I thought the smokers package was optional on the 05 and standard on the 06?
Each year has different computers (ECM, BCM) and software.
I have the torque for the 6.0L as: Torque (lb-ft / Nm @ rpm): 400 / 546 @ 4000
All 05 and early model 06 has the harness wiring for the Holden center gauge pod (Oil and Volts)
Early 06 models had defective (leaking) front struts.
05 had the Sports Appearance Package (SAP) dealer installed option available.
Lighted Steering wheel controls will work on an 05, but requires an 06 clockspring.
There were some dealer installed wheel options ??

Larry


----------



## Aramz06 (Mar 2, 2008)

jeepboy454 said:


> You for got to say that the Ram Air on the 05-06 is *non functional*. Every one on this Forum is saying the 04 seat moves slower? I have never seen the differance from my 04 and my little brothers 06. Also with a Electronic Throttle, just one more thing to go wrong.


No need to mention that in the sticky, or for you to even mention that here. Sounds to me like you really want one.


----------



## 2004goat (Feb 10, 2010)

cool that info helps


----------



## Noob1986 (Jan 9, 2010)

:agree: good stuff thanks for your research


----------



## Rainmans 05 (Dec 14, 2005)

Good info...


----------



## t147 (Jul 27, 2011)

This answered soo many questions. Thank you to the OP!


----------



## Pontiac GTO Man (Sep 10, 2011)

Hello to you All!!!
My name is Tony.
I am interested in buying a Pontiac GTO 6.0.
Maybe a 2004 or 2005 year.
I just signed up to this forum today!!!
Can someone PLEASE help me and make a recommendation which year and model would be the best i.e. fastest and THE LEAST inexpensive model/year to add turbos and other mods to max-out a very nice GTO.
Any and all of you guys recommendation are welcome.
Thanks in advance.
Tony
[email protected]


----------



## HP11 (Apr 11, 2009)

http://www.gtoforum.com/f37/basic-mod-list-noobs-34256/


----------



## SProd6 (Nov 19, 2011)

The '04 is and always will be a 'one of a kind'....


----------



## HP11 (Apr 11, 2009)

You are most certainly entitled to that opinion. However, that has absolutely nothing to do with the gist and/or purpose of this thread.....


----------



## SProd6 (Nov 19, 2011)

ok.....


thanks for the info. this thread was very helpful.


----------



## bigredd34 (Jul 4, 2012)

Im New to this forum, I purchased an 06 GTO two months ago my friend just picked his up yesterday an 05, but my exhaust sounds louder then his and his has magnaflow on his tips but my doesnt, did they put different exhaust on the 06 GTO


----------



## svede1212 (Nov 1, 2005)

No .


----------



## silversport (Mar 23, 2007)

and Magnaflow isn't an OE exhaust...however Magnaflow did make (without the brand name on the tips) the SAP (Sport Appearance Package) exhaust which was an option in 2005/06...

Bill


----------



## Evilgoat06 (Jun 11, 2012)

What is an easy way to tell if the car has the wiring set up for the center guage pod? oil and volt. I would like more info on doing this, also where to buy the setup?


----------



## lkn4trouble (Aug 29, 2010)

Evilgoat06 said:


> What is an easy way to tell if the car has the wiring set up for the center guage pod? oil and volt. I would like more info on doing this, also where to buy the setup?
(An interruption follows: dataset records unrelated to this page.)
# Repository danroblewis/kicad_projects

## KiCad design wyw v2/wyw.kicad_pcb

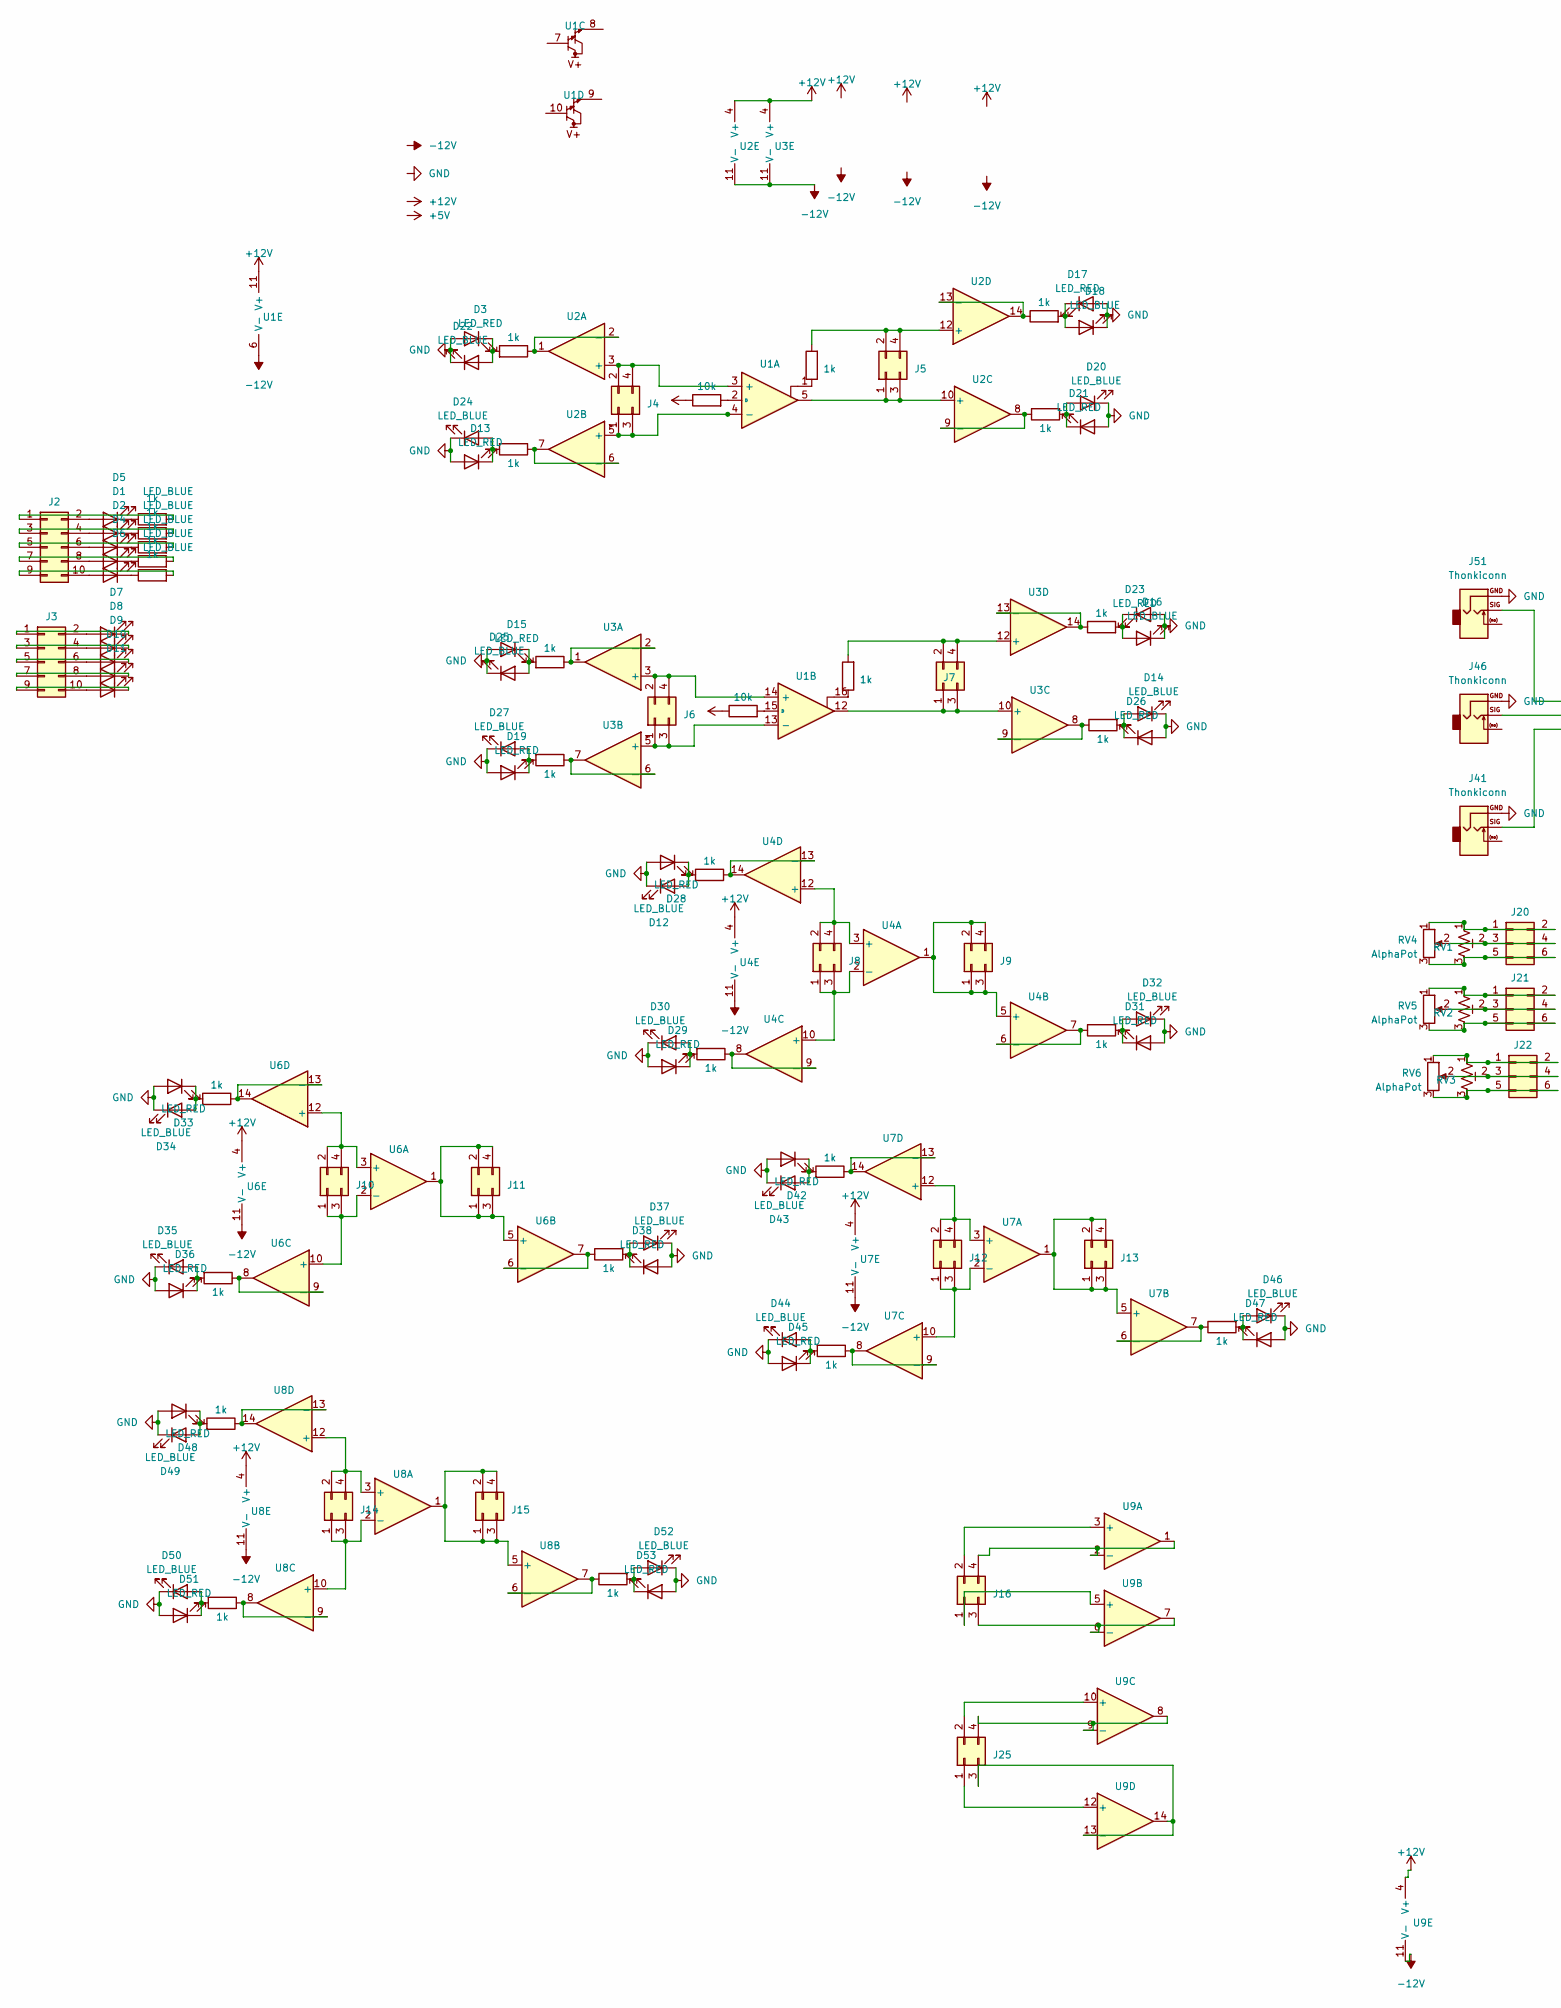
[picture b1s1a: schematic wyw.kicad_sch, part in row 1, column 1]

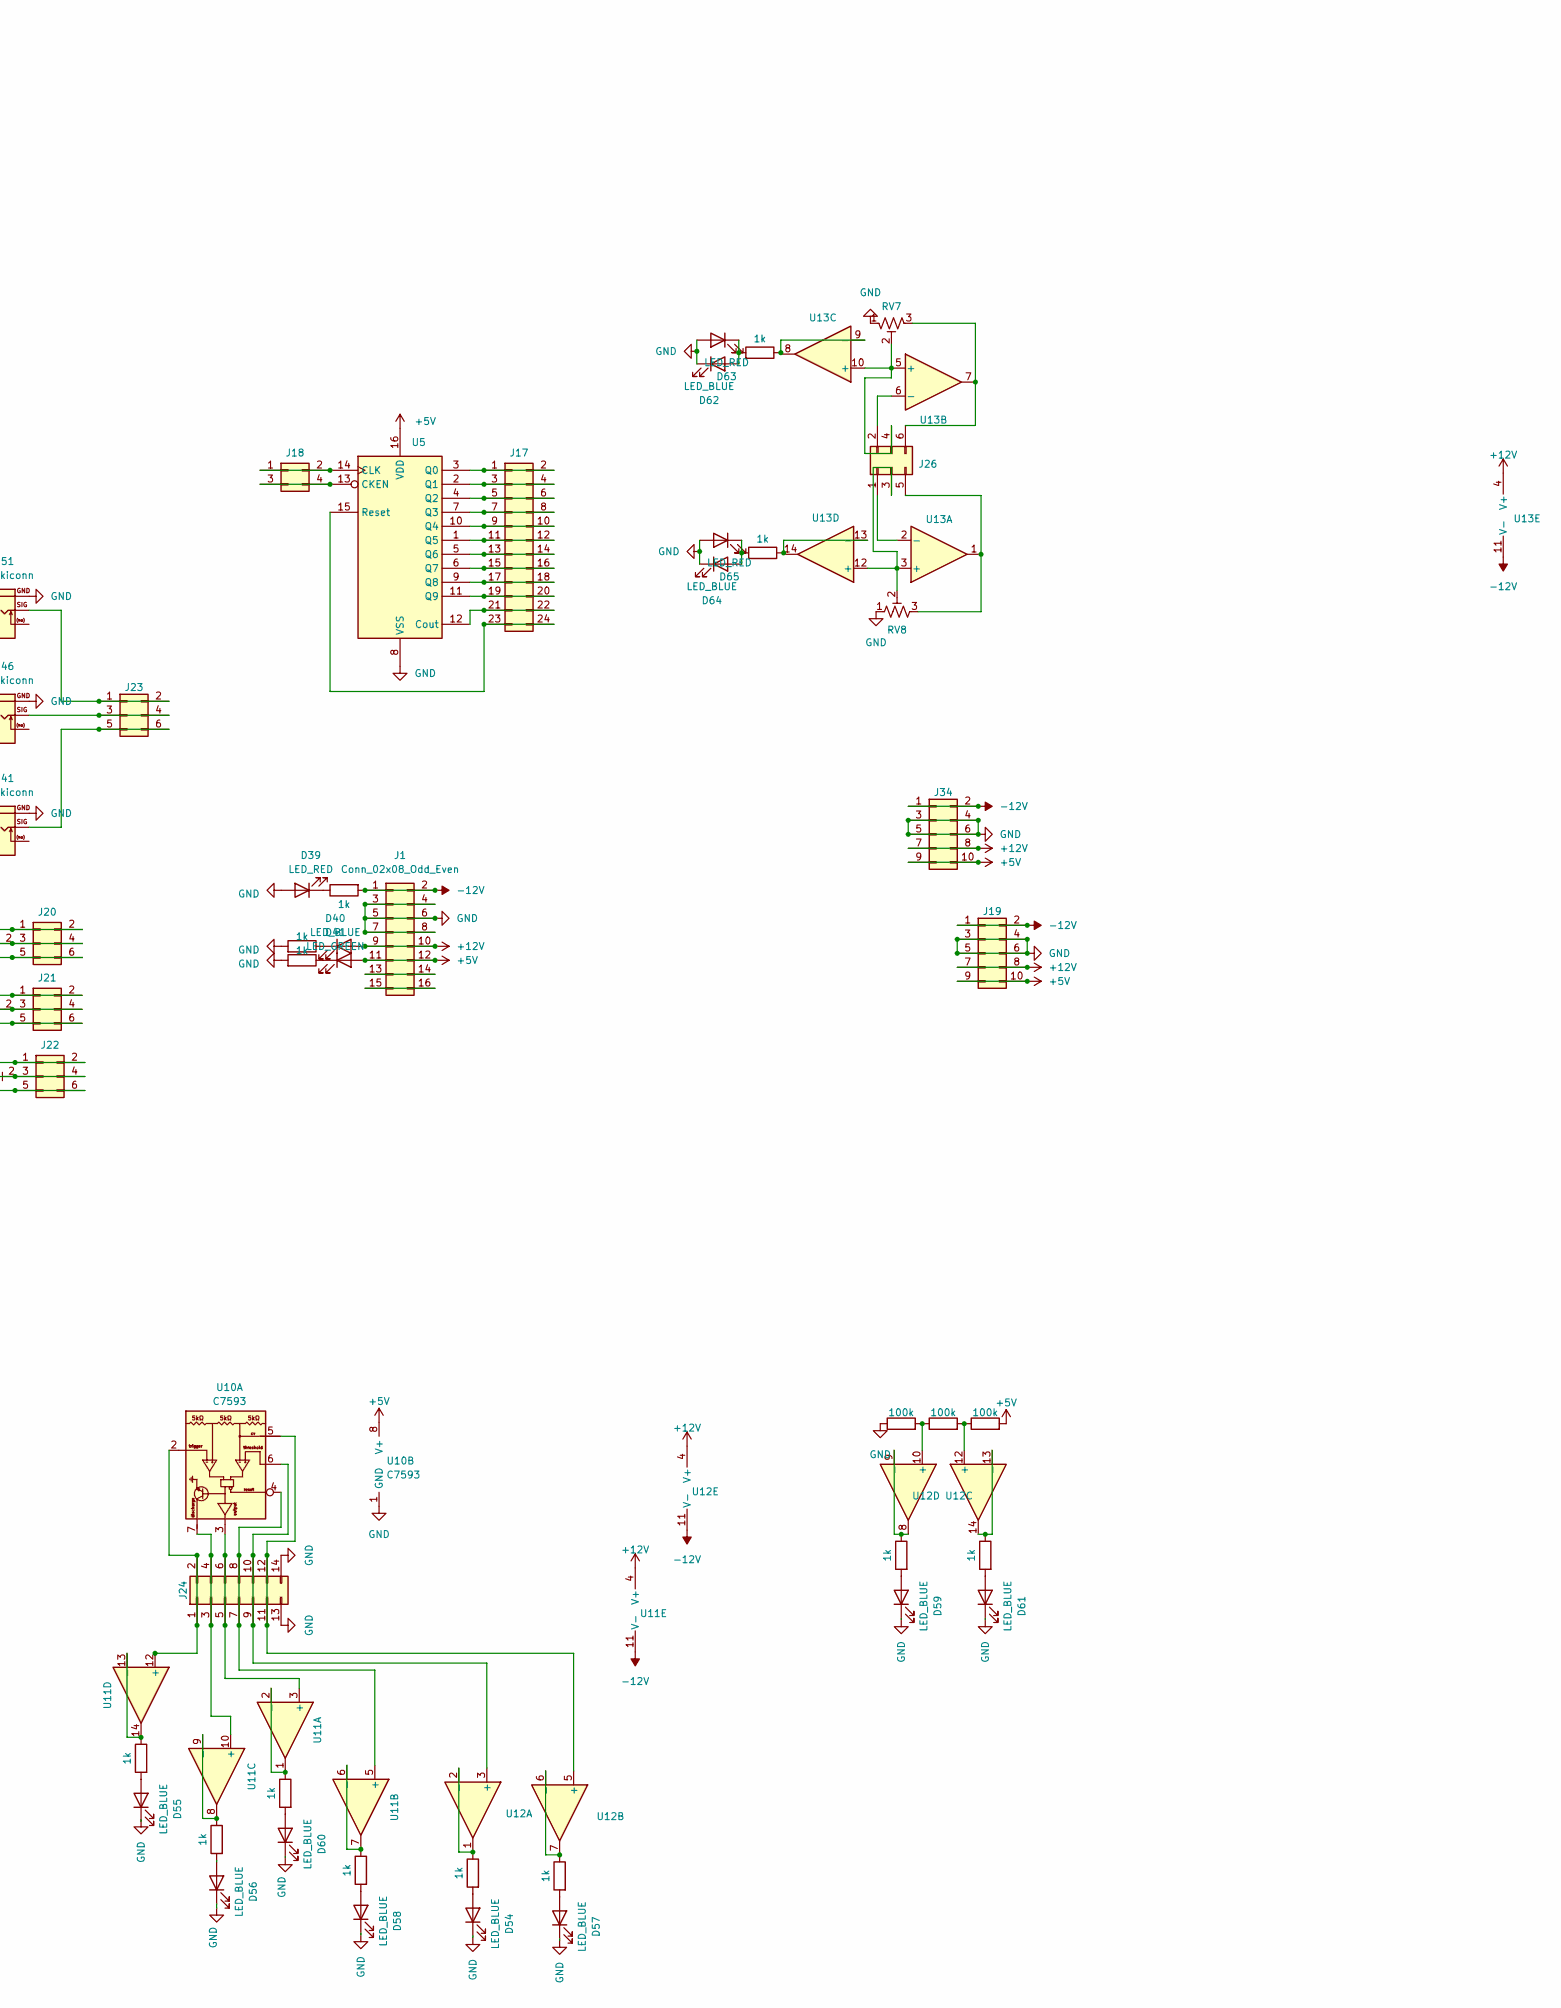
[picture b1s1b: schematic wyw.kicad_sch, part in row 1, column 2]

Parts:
D1, D2, D4, D5, D6, D7, D8, D9, D10, D11, D40: LED_BLUE; LED_0603_1608Metric; LCSC C72041
D3, D13, D15, D17, D19, D21, D23, D26, D28, D29, D31, D33, D36, D38, D42, D45, D47, D48, D51, D53, D63, D65: LED_RED; LED_0201_0603Metric; LCSC C3646921
D12, D14, D16, D18, D20, D22, D24, D25, D27, D30, D32, D34, D35, D37, D43, D44, D46, D49, D50, D52, D54, D55, D56, D57, D58, D59, D60, D61, D62, D64: LED_BLUE; LED_0201_0603Metric; LCSC C3646921
D39: LED_RED; LED_0603_1608Metric; LCSC C84263
D41: LED_GREEN; LED_0603_1608Metric; LCSC C72043
J1: Conn_02x08_Odd_Even; IDC-Header_2x08_P2.54mm_Vertical
J2, J3, J19, J34: 02x05; PinHeader_2x05_P2.54mm_Vertical_SMD; lcsc C261072
J4, J5, J6, J7, J8, J9, J10, J11, J12, J13, J14, J15, J16, J18, J25: 02x02; PinHeader_2x02_P2.54mm_Vertical_SMD; lcsc C3975147
J17: 02x12; PinHeader_2x12_P2.54mm_Vertical_SMD; lcsc C3975157
J20, J21, J22, J23, J26: 02x03; PinHeader_2x03_P2.54mm_Vertical_SMD; lcsc C3975148
J24: 02x07; PinHeader_2x07_P2.54mm_Vertical_SMD; lcsc C84005
J41, J46, J51: Thonkiconn; Jack_3.5mm_QingPu_WQP-PJ398SM_Vertical_CircularHoles
R1, R2, R3, R4, R5, R8, R9: 1k; R_0603_1608Metric; LCSC C21190
R6, R7: 10k; R_0603_1608Metric; lcsc C73809
R10, R11, R12, R13, R14, R15, R16, R17, R18, R19, R20, R21, R22, R23, R24, R25, R26, R27, R28, R29, R30, R31, R32, R33, R34, R35, R36, R37, R38, R42, R43, R44, R45: 1k; R_0603_1608Metric; lcsc C138165
R39, R40, R41: 100k; R_0603_1608Metric; LCSC C25803
RV1, RV2, RV3, RV7, RV8: R_Potentiometer_Trim_US; Potentiometer_Bourns_TC33X_Vertical; lcsc C128545
RV4, RV5, RV6: AlphaPot; Potentiometer_Alpha_RD901F-40-00D_Single_Vertical
U1: XL13700; SOP-16_3.9x9.9mm_P1.27mm; LCSC C521166
U2, U3, U4, U6, U7, U8, U9, U11, U12, U13: TL074; SOIC-14_3.9x8.7mm_P1.27mm; lcsc C6964
U5: 4017bm; SOP-16_3.9x9.9mm_P1.27mm; LCSC C356694
U10: NE555DR; SOIC-8-1EP_3.9x4.9mm_P1.27mm_EP2.29x3mm; LCSC C7593

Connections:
+5V: D41.2 (A), J1.11, J1.12, J19.9, J19.10, J34.9, J34.10, R41.2, U5.16 (VDD), U10.8 (V+)
+12V: D40.2 (A), J1.9, J1.10, J19.7, J19.8, J34.7, J34.8, R6.1, R7.1, U1.11 (V+), U2.4 (V+), U3.4 (V+), U4.4 (V+), U6.4 (V+), U7.4 (V+), U8.4 (V+), U9.4 (V+), U11.4 (V+), U12.4 (V+), U13.4 (V+)
-12V: J1.1, J1.2, J19.1, J19.2, J34.1, J34.2, R24.2, U1.6 (V-), U2.11 (V-), U3.11 (V-), U4.11 (V-), U6.11 (V-), U7.11 (V-), U8.11 (V-), U9.11 (V-), U11.11 (V-), U12.11 (V-), U13.11 (V-)
GND: D3.2 (A), D12.1 (K), D13.2 (A), D14.1 (K), D15.2 (A), D16.1 (K), D17.2 (A), D18.1 (K), D19.2 (A), D20.1 (K), D21.2 (A), D22.1 (K), D23.2 (A), D24.1 (K), D25.1 (K), D26.2 (A), D27.1 (K), D28.2 (A), D29.2 (A), D30.1 (K), D31.2 (A), D32.1 (K), D33.2 (A), D34.1 (K), D35.1 (K), D36.2 (A), D37.1 (K), D38.2 (A), D39.2 (A), D42.2 (A), D43.1 (K), D44.1 (K), D45.2 (A), D46.1 (K), D47.2 (A), D48.2 (A), D49.1 (K), D50.1 (K), D51.2 (A), D52.1 (K), D53.2 (A), D54.1 (K), D55.1 (K), D56.1 (K), D57.1 (K), D58.1 (K), D59.1 (K), D60.1 (K), D61.1 (K), D62.1 (K), D63.2 (A), D64.1 (K), D65.2 (A), J1.3, J1.4, J1.5, J1.6, J1.7, J1.8, J19.3, J19.4, J19.5, J19.6, J24.13, J24.14, J34.3, J34.4, J34.5, J34.6, J41.S, J46.S, J51.S, R25.2, R26.2, R39.1, RV7.1, RV8.1, U5.8 (VSS), U10.1 (GND)
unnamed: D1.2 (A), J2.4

All GTO's have the wiring in the center dash if it's made before February 2006


----------



## jslaughter05 (Apr 3, 2014)

I'm new to this forum and was wanting to know what is the major differences b/t the 04 ls1 and the 05-06 ls2? Other than stating the obvious of more HP and bigger displacement.


----------



## PontiacKidd (Sep 16, 2013)

So will the 05-06 exhaust manifolds bolt right up to my 04? That seems like a decent mod but still stay within smog laws. I'm in Cali. :/


Sent from AutoGuide.com Free App


----------



## myke_bee (Nov 4, 2014)

Would anyone know how the Ls1 and Ls2 would respond to boost. Mainly a supercharger just be bolted on. Would you run into problems with either engine? Is forged internals a must if I want to go the supercharged route?


----------



## svede1212 (Nov 1, 2005)

The drive shaft and half shafts of the '04 are lighter but IMHO you'dd need to fortify either drive line from engine to the wheels with a big HP jump. Other than that lots of people boost without more than injectors, fuel pump and a tune. For big boost an iron block doesn't bulge the cylinder walls as easily.


----------